2.4.3. Secondary analyses
First, we tested whether the associations between risk factors and objective and subjective cognition change after controlling for depression. We ran the same series of analyses as described in the primary analysis section, this time additionally controlling for depression as measured by the CES‐D scale. This was done for 12 of the 13 original risk factors, excluding depression itself.

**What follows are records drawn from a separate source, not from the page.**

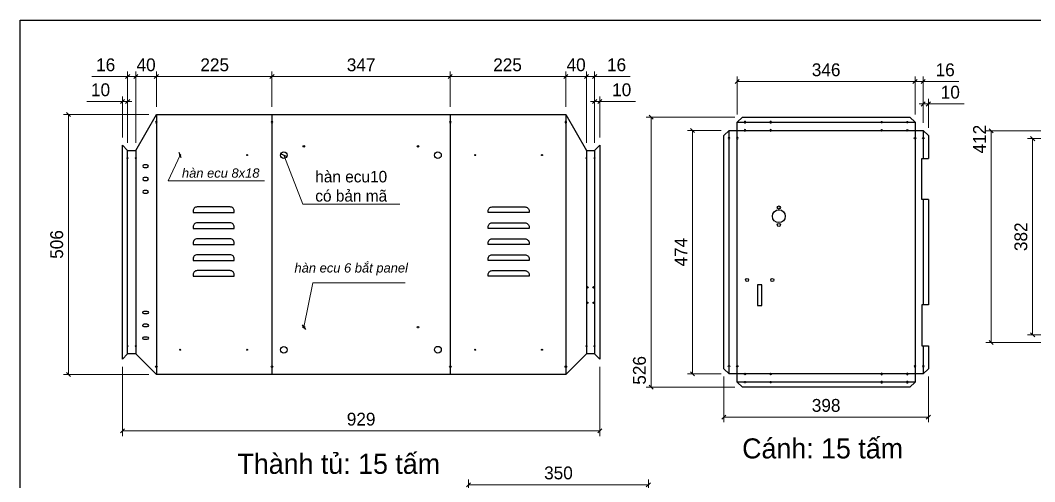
# Model space of a CAD drawing. Header units: millimetres. Extents: x 0 to 2994, y 0 to 2117.
# Drawn here: x 0 to 1974, y 1219 to 2117 of the extents above; entities that cross this region are included whole.
import ezdxf

# ---------------------------------------------------------------- set-up
doc = ezdxf.new("R2010")
doc.units = ezdxf.units.MM
doc.layers.add('CNC', color=7, linetype='Continuous')
doc.layers.add('DIM', color=253, linetype='Continuous')
doc.styles.add('Arial', font='arial.ttf')
doc.dimstyles.new('Dim-25', dxfattribs={"dimtxt": 25, "dimasz": 8, "dimexe": 10, "dimexo": 15, "dimgap": 10, "dimtad": 1, "dimdec": 0, "dimtxsty": 'Standard', "dimblk": 'OBLIQUE', "dimcen": 10, "dimclrd": 5, "dimclre": 5, "dimclrt": 3, "dimazin": 3, "dimtfac": 1, "dimtdec": 0, "dimtmove": 0, "dimatfit": 3, "dimldrblk": 'OBLIQUE', "dimlwd": 9, "dimlwe": 9})

# ---------------------------------------------------------------- blocks, each defined once
blk = doc.blocks.new('*D1')
at = {"color": 0, "linetype": 'ByBlock', "lineweight": -2}
for p, q in [((493.9, 2011.2), (485.9, 2003.2)), ((832.9, 2003.2), (840.9, 2011.2))]:
    blk.add_line(p, q, dxfattribs=at)
at = {"layer": 'Defpoints', "color": 0, "transparency": 16777216}
for p in [(836.9, 2007.2), (489.9, 1933.4), (836.9, 1933.4)]:
    blk.add_point(p, dxfattribs=at)
at = {"layer": 'DIM', "color": 5, "lineweight": 9, "transparency": 16777216}
for p, q in [((489.9, 1948.4), (489.9, 2017.2)), ((836.9, 1948.4), (836.9, 2017.2)), ((489.9, 2007.2), (836.9, 2007.2))]:
    blk.add_line(p, q, dxfattribs=at)
at = {"layer": 'DIM', "color": 3, "transparency": 16777216, "insert": (663.4, 2030), "char_height": 25, "attachment_point": 5}
blk.add_mtext('347', dxfattribs=at)
blk = doc.blocks.new('_Oblique')
at = {"color": 0, "linetype": 'ByBlock', "lineweight": -2}
blk.add_line((-0.5, -0.5), (0.5, 0.5), dxfattribs=at)
blk = doc.blocks.new('*D2')
at = {"color": 0, "linetype": 'ByBlock', "lineweight": -2}
for p, q in [((840.9, 2011.2), (832.9, 2003.2)), ((1057.9, 2003.2), (1065.9, 2011.2))]:
    blk.add_line(p, q, dxfattribs=at)
at = {"layer": 'Defpoints', "color": 0, "transparency": 16777216}
for p in [(1061.9, 2007.2), (836.9, 1933.4), (1061.9, 1933.4)]:
    blk.add_point(p, dxfattribs=at)
at = {"layer": 'DIM', "color": 5, "lineweight": 9, "transparency": 16777216}
for p, q in [((836.9, 1948.4), (836.9, 2017.2)), ((1061.9, 1948.4), (1061.9, 2017.2)), ((836.9, 2007.2), (1061.9, 2007.2))]:
    blk.add_line(p, q, dxfattribs=at)
at = {"layer": 'DIM', "color": 3, "transparency": 16777216, "insert": (948.4, 2030), "char_height": 25, "attachment_point": 5}
blk.add_mtext('225', dxfattribs=at)
blk = doc.blocks.new('*D3')
at = {"color": 0, "linetype": 'ByBlock', "lineweight": -2}
for p, q in [((1065.9, 2011.2), (1057.9, 2003.2)), ((1097.9, 2003.2), (1105.9, 2011.2))]:
    blk.add_line(p, q, dxfattribs=at)
at = {"layer": 'Defpoints', "color": 0, "transparency": 16777216}
for p in [(1101.9, 2007.2), (1061.9, 1933.4), (1101.9, 1863.4)]:
    blk.add_point(p, dxfattribs=at)
at = {"layer": 'DIM', "color": 5, "lineweight": 9, "transparency": 16777216}
for p, q in [((1061.9, 1948.4), (1061.9, 2017.2)), ((1101.9, 1878.4), (1101.9, 2017.2)), ((1061.9, 2007.2), (1101.9, 2007.2))]:
    blk.add_line(p, q, dxfattribs=at)
at = {"layer": 'DIM', "color": 3, "transparency": 16777216, "insert": (1081.9, 2030), "char_height": 25, "attachment_point": 5}
blk.add_mtext('40', dxfattribs=at)
blk = doc.blocks.new('*D4')
at = {"color": 0, "linetype": 'ByBlock', "lineweight": -2}
for p, q in [((268.9, 2011.2), (260.9, 2003.2)), ((485.9, 2003.2), (493.9, 2011.2))]:
    blk.add_line(p, q, dxfattribs=at)
at = {"layer": 'Defpoints', "color": 0, "transparency": 16777216}
for p in [(264.9, 2007.2), (264.9, 1933.4), (489.9, 1933.4)]:
    blk.add_point(p, dxfattribs=at)
at = {"layer": 'DIM', "color": 5, "lineweight": 9, "transparency": 16777216}
for p, q in [((264.9, 1948.4), (264.9, 2017.2)), ((489.9, 1948.4), (489.9, 2017.2)), ((489.9, 2007.2), (264.9, 2007.2))]:
    blk.add_line(p, q, dxfattribs=at)
at = {"layer": 'DIM', "color": 3, "transparency": 16777216, "insert": (378.4, 2030), "char_height": 25, "attachment_point": 5}
blk.add_mtext('225', dxfattribs=at)
blk = doc.blocks.new('*D5')
at = {"color": 0, "linetype": 'ByBlock', "lineweight": -2}
for p, q in [((228.9, 2011.2), (220.9, 2003.2)), ((260.9, 2003.2), (268.9, 2011.2))]:
    blk.add_line(p, q, dxfattribs=at)
at = {"layer": 'Defpoints', "color": 0, "transparency": 16777216}
for p in [(224.9, 2007.2), (264.9, 1933.4), (224.9, 1863.4)]:
    blk.add_point(p, dxfattribs=at)
at = {"layer": 'DIM', "color": 5, "lineweight": 9, "transparency": 16777216}
for p, q in [((224.9, 1878.4), (224.9, 2017.2)), ((264.9, 1948.4), (264.9, 2017.2)), ((264.9, 2007.2), (224.9, 2007.2))]:
    blk.add_line(p, q, dxfattribs=at)
at = {"layer": 'DIM', "color": 3, "transparency": 16777216, "insert": (244.9, 2030), "char_height": 25, "attachment_point": 5}
blk.add_mtext('40', dxfattribs=at)
blk = doc.blocks.new('*D6')
at = {"color": 0, "linetype": 'ByBlock', "lineweight": -2}
for p, q in [((202.9, 1321.4), (194.9, 1313.4)), ((1123.9, 1313.4), (1131.9, 1321.4))]:
    blk.add_line(p, q, dxfattribs=at)
at = {"layer": 'Defpoints', "color": 0, "transparency": 16777216}
for p in [(198.9, 1457.4), (1127.9, 1457.4), (1127.9, 1317.4)]:
    blk.add_point(p, dxfattribs=at)
at = {"layer": 'DIM', "color": 5, "lineweight": 9, "transparency": 16777216}
for p, q in [((198.9, 1442.4), (198.9, 1307.4)), ((1127.9, 1442.4), (1127.9, 1307.4)), ((198.9, 1317.4), (1127.9, 1317.4))]:
    blk.add_line(p, q, dxfattribs=at)
at = {"layer": 'DIM', "color": 3, "transparency": 16777216, "insert": (663.4, 1340.2), "char_height": 25, "attachment_point": 5}
blk.add_mtext('929', dxfattribs=at)
blk = doc.blocks.new('*D7')
at = {"color": 0, "linetype": 'ByBlock', "lineweight": -2}
for p, q in [((1097.9, 2003.2), (1105.9, 2011.2)), ((1121.9, 2011.2), (1113.9, 2003.2))]:
    blk.add_line(p, q, dxfattribs=at)
at = {"layer": 'Defpoints', "color": 0, "transparency": 16777216}
for p in [(1117.9, 2007.2), (1101.9, 1863.4), (1117.9, 1863.4)]:
    blk.add_point(p, dxfattribs=at)
at = {"layer": 'DIM', "color": 5, "lineweight": 9, "transparency": 16777216}
for p, q in [((1101.9, 1878.4), (1101.9, 2017.2)), ((1117.9, 1878.4), (1117.9, 2017.2)), ((1101.9, 2007.2), (1093.9, 2007.2)), ((1101.9, 2007.2), (1117.9, 2007.2)), ((1117.9, 2007.2), (1187.3, 2007.2))]:
    blk.add_line(p, q, dxfattribs=at)
at = {"layer": 'DIM', "color": 3, "transparency": 16777216, "insert": (1160.6, 2030), "char_height": 25, "attachment_point": 5}
blk.add_mtext('16', dxfattribs=at)
blk = doc.blocks.new('*D8')
at = {"color": 0, "linetype": 'ByBlock', "lineweight": -2}
for p, q in [((1113.9, 1954.7), (1121.9, 1962.7)), ((1131.9, 1962.7), (1123.9, 1954.7))]:
    blk.add_line(p, q, dxfattribs=at)
at = {"layer": 'Defpoints', "color": 0, "transparency": 16777216}
for p in [(1127.9, 1958.7), (1117.9, 1863.4), (1127.9, 1873.4)]:
    blk.add_point(p, dxfattribs=at)
at = {"layer": 'DIM', "color": 5, "lineweight": 9, "transparency": 16777216}
for p, q in [((1117.9, 1958.7), (1109.9, 1958.7)), ((1117.9, 1878.4), (1117.9, 1968.7)), ((1117.9, 1958.7), (1127.9, 1958.7)), ((1127.9, 1888.4), (1127.9, 1968.7)), ((1127.9, 1958.7), (1197.3, 1958.7))]:
    blk.add_line(p, q, dxfattribs=at)
at = {"layer": 'DIM', "color": 3, "transparency": 16777216, "insert": (1170.6, 1981.4), "char_height": 25, "attachment_point": 5}
blk.add_mtext('10', dxfattribs=at)
blk = doc.blocks.new('*D9')
at = {"color": 0, "linetype": 'ByBlock', "lineweight": -2}
for p, q in [((204.9, 2003.2), (212.9, 2011.2)), ((228.9, 2011.2), (220.9, 2003.2))]:
    blk.add_line(p, q, dxfattribs=at)
at = {"layer": 'Defpoints', "color": 0, "transparency": 16777216}
for p in [(208.9, 2007.2), (208.9, 1863.4), (224.9, 1863.4)]:
    blk.add_point(p, dxfattribs=at)
at = {"layer": 'DIM', "color": 5, "lineweight": 9, "transparency": 16777216}
for p, q in [((208.9, 1878.4), (208.9, 2017.2)), ((224.9, 1878.4), (224.9, 2017.2)), ((208.9, 2007.2), (139.5, 2007.2)), ((224.9, 2007.2), (208.9, 2007.2)), ((224.9, 2007.2), (232.9, 2007.2))]:
    blk.add_line(p, q, dxfattribs=at)
at = {"layer": 'DIM', "color": 3, "transparency": 16777216, "insert": (166.2, 2030), "char_height": 25, "attachment_point": 5}
blk.add_mtext('16', dxfattribs=at)
blk = doc.blocks.new('*D10')
at = {"color": 0, "linetype": 'ByBlock', "lineweight": -2}
for p, q in [((194.9, 1954.7), (202.9, 1962.7)), ((212.9, 1962.7), (204.9, 1954.7))]:
    blk.add_line(p, q, dxfattribs=at)
at = {"layer": 'Defpoints', "color": 0, "transparency": 16777216}
for p in [(198.9, 1958.7), (198.9, 1873.4), (208.9, 1863.4)]:
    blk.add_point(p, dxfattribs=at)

Next, we tested whether the associations between all 13 risk factors and cognition differed by age. This subgroup analysis was only tested on those combinations of independent and dependent variables whose associations were previously significant. We ran the same series of regressions as in the primary analysis, predicting objective respectively subjective cognition from each of this reduced set of risk factors, controlling for gender and age, this time with an added interaction term (ie, age x risk factor). Bonferroni correction was applied to correct for multiple comparisons, dividing α = 0.05 by the number of interaction terms of interest (ie, each combination of independent and dependent variables was understood as one comparison).
3. RESULTS
3.1. Descriptive and demographic analyses
As has been consistently reported in the literature, objective and subjective cognition were only weakly correlated (r = 0.06 to 0.16; see Table 3 for correlations between all cognitive measures). The correlation matrix of all self‐reported risk factors is presented in Supplement S6.
TABLE 3.
Subjective memory problems | Model‐based planning | Cognitive flexibility | |
---|---|---|---|
Visual working memory | 0.09 | 0.26 | 0.45 |
Cognitive flexibility | 0.16 | 0.15 | |
Model‐based planning | 0.06 |
Note: Numbers represent Pearson product‐moment correlation coefficients for pairs of continuous variables and polyserial correlations for pairs of continuous and categorical variables. All coefficients are significant at p < .05 or lower.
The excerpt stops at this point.